AIM OF THE EXERCISE ->
Repeat only the stretch of lines below that runs from the line with "3R=O*_k_4 : Outport" through the line with "A13/1 -> hv/1", unaltered.

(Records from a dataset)
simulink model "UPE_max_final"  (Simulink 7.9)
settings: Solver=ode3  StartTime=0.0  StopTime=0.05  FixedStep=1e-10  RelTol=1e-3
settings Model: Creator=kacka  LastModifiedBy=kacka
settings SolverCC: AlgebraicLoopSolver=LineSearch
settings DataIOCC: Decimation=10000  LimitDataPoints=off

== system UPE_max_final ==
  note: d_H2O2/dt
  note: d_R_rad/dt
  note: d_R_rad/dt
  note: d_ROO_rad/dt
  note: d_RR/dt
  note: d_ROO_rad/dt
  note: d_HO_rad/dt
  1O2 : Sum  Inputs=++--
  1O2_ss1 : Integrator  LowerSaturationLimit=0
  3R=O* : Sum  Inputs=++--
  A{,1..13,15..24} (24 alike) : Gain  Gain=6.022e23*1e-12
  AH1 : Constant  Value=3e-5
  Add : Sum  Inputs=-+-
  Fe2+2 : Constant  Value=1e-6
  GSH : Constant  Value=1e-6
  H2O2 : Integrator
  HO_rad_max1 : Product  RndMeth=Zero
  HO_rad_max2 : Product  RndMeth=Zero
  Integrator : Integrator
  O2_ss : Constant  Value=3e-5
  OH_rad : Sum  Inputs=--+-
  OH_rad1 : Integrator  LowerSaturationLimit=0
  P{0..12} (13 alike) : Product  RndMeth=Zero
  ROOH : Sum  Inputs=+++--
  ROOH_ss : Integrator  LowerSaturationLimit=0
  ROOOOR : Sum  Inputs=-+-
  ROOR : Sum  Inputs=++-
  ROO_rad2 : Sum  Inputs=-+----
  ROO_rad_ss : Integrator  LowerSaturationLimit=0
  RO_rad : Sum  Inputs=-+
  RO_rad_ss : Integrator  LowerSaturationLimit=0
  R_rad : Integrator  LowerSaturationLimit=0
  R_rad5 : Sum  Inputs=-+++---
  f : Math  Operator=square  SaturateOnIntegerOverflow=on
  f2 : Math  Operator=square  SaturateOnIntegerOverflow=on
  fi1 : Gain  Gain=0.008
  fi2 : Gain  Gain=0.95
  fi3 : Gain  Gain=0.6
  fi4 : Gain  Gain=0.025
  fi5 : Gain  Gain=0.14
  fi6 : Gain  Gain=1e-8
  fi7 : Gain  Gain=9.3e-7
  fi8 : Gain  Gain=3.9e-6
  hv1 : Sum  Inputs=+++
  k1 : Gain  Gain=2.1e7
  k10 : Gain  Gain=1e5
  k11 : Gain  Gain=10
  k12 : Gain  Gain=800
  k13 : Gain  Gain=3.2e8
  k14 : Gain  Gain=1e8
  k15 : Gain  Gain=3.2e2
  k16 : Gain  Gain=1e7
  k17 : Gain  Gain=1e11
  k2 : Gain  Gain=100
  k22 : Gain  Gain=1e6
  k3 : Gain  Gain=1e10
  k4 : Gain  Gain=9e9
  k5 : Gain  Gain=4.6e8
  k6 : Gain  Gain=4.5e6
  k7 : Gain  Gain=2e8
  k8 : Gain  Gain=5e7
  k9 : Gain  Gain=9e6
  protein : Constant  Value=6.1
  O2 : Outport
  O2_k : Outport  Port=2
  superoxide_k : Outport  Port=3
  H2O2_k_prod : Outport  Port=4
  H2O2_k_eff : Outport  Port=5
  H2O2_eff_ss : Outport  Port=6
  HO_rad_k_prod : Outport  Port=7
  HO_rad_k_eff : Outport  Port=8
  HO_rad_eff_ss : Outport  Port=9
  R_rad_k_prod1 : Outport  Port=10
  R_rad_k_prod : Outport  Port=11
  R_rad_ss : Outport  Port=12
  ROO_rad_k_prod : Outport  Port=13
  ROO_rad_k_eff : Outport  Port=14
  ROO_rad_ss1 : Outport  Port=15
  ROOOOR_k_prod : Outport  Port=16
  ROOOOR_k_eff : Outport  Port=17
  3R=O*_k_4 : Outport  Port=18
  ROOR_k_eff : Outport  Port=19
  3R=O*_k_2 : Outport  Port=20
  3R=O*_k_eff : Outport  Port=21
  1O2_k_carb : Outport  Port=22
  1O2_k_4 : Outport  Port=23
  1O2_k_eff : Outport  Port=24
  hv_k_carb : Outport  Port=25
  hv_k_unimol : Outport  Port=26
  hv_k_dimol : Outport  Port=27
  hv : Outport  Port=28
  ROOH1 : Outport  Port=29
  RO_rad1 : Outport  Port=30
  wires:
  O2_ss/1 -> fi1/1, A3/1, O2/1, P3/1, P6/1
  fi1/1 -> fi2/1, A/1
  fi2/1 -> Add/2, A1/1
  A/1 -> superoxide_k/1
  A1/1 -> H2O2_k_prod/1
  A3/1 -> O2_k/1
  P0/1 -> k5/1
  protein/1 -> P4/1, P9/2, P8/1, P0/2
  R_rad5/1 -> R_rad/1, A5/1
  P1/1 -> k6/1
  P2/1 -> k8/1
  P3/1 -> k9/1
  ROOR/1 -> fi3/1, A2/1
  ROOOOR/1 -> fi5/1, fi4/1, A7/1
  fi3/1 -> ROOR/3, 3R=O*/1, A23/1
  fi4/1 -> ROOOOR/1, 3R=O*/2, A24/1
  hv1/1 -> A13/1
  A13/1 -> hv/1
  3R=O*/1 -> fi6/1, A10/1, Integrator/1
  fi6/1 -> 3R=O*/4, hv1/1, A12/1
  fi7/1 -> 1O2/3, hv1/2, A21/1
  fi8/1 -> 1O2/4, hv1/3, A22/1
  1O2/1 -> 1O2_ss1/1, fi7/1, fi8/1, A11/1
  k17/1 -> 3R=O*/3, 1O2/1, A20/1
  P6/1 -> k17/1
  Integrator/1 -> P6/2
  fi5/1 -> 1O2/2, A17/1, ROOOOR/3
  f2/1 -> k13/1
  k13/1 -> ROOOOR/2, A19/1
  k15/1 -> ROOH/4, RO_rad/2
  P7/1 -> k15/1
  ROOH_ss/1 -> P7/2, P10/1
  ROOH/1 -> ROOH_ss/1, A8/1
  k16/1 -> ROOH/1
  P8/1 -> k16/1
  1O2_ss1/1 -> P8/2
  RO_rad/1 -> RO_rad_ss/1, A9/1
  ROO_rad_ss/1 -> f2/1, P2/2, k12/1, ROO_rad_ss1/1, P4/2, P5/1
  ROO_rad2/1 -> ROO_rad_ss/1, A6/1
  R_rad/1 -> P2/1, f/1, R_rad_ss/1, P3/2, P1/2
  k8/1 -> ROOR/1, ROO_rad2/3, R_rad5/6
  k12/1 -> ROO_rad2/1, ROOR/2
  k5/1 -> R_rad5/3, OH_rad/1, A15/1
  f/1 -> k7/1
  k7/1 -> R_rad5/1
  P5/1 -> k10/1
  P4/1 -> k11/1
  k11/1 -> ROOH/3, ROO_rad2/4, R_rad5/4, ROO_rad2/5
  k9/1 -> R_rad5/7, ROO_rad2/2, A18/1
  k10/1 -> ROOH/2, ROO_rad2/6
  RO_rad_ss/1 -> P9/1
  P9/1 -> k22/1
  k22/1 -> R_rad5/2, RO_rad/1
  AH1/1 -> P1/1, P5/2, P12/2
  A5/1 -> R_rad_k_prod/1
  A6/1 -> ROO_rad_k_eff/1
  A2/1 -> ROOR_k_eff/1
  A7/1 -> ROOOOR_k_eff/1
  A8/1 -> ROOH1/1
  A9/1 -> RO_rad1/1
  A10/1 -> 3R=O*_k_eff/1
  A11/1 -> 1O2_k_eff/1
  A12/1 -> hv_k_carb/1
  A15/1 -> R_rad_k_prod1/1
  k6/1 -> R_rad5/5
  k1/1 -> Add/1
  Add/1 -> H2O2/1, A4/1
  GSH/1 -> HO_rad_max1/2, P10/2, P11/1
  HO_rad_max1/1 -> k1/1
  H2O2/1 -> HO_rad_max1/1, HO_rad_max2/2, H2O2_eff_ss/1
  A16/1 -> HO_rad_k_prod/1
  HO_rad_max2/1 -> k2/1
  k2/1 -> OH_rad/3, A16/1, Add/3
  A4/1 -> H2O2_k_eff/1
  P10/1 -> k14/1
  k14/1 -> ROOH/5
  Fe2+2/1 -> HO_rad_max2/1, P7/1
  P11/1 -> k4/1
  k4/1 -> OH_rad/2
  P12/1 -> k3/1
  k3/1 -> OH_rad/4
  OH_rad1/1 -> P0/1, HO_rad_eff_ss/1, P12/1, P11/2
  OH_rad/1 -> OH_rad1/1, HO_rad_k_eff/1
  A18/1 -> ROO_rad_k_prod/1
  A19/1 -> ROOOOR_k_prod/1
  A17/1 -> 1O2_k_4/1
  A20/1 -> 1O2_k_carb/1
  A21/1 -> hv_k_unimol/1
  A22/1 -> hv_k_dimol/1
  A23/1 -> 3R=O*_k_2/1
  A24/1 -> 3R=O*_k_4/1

ANSWER TO THIS PROBLEM ->
  3R=O*_k_4 : Outport  Port=18
  ROOR_k_eff : Outport  Port=19
  3R=O*_k_2 : Outport  Port=20
  3R=O*_k_eff : Outport  Port=21
  1O2_k_carb : Outport  Port=22
  1O2_k_4 : Outport  Port=23
  1O2_k_eff : Outport  Port=24
  hv_k_carb : Outport  Port=25
  hv_k_unimol : Outport  Port=26
  hv_k_dimol : Outport  Port=27
  hv : Outport  Port=28
  ROOH1 : Outport  Port=29
  RO_rad1 : Outport  Port=30
  wires:
  O2_ss/1 -> fi1/1, A3/1, O2/1, P3/1, P6/1
  fi1/1 -> fi2/1, A/1
  fi2/1 -> Add/2, A1/1
  A/1 -> superoxide_k/1
  A1/1 -> H2O2_k_prod/1
  A3/1 -> O2_k/1
  P0/1 -> k5/1
  protein/1 -> P4/1, P9/2, P8/1, P0/2
  R_rad5/1 -> R_rad/1, A5/1
  P1/1 -> k6/1
  P2/1 -> k8/1
  P3/1 -> k9/1
  ROOR/1 -> fi3/1, A2/1
  ROOOOR/1 -> fi5/1, fi4/1, A7/1
  fi3/1 -> ROOR/3, 3R=O*/1, A23/1
  fi4/1 -> ROOOOR/1, 3R=O*/2, A24/1
  hv1/1 -> A13/1
  A13/1 -> hv/1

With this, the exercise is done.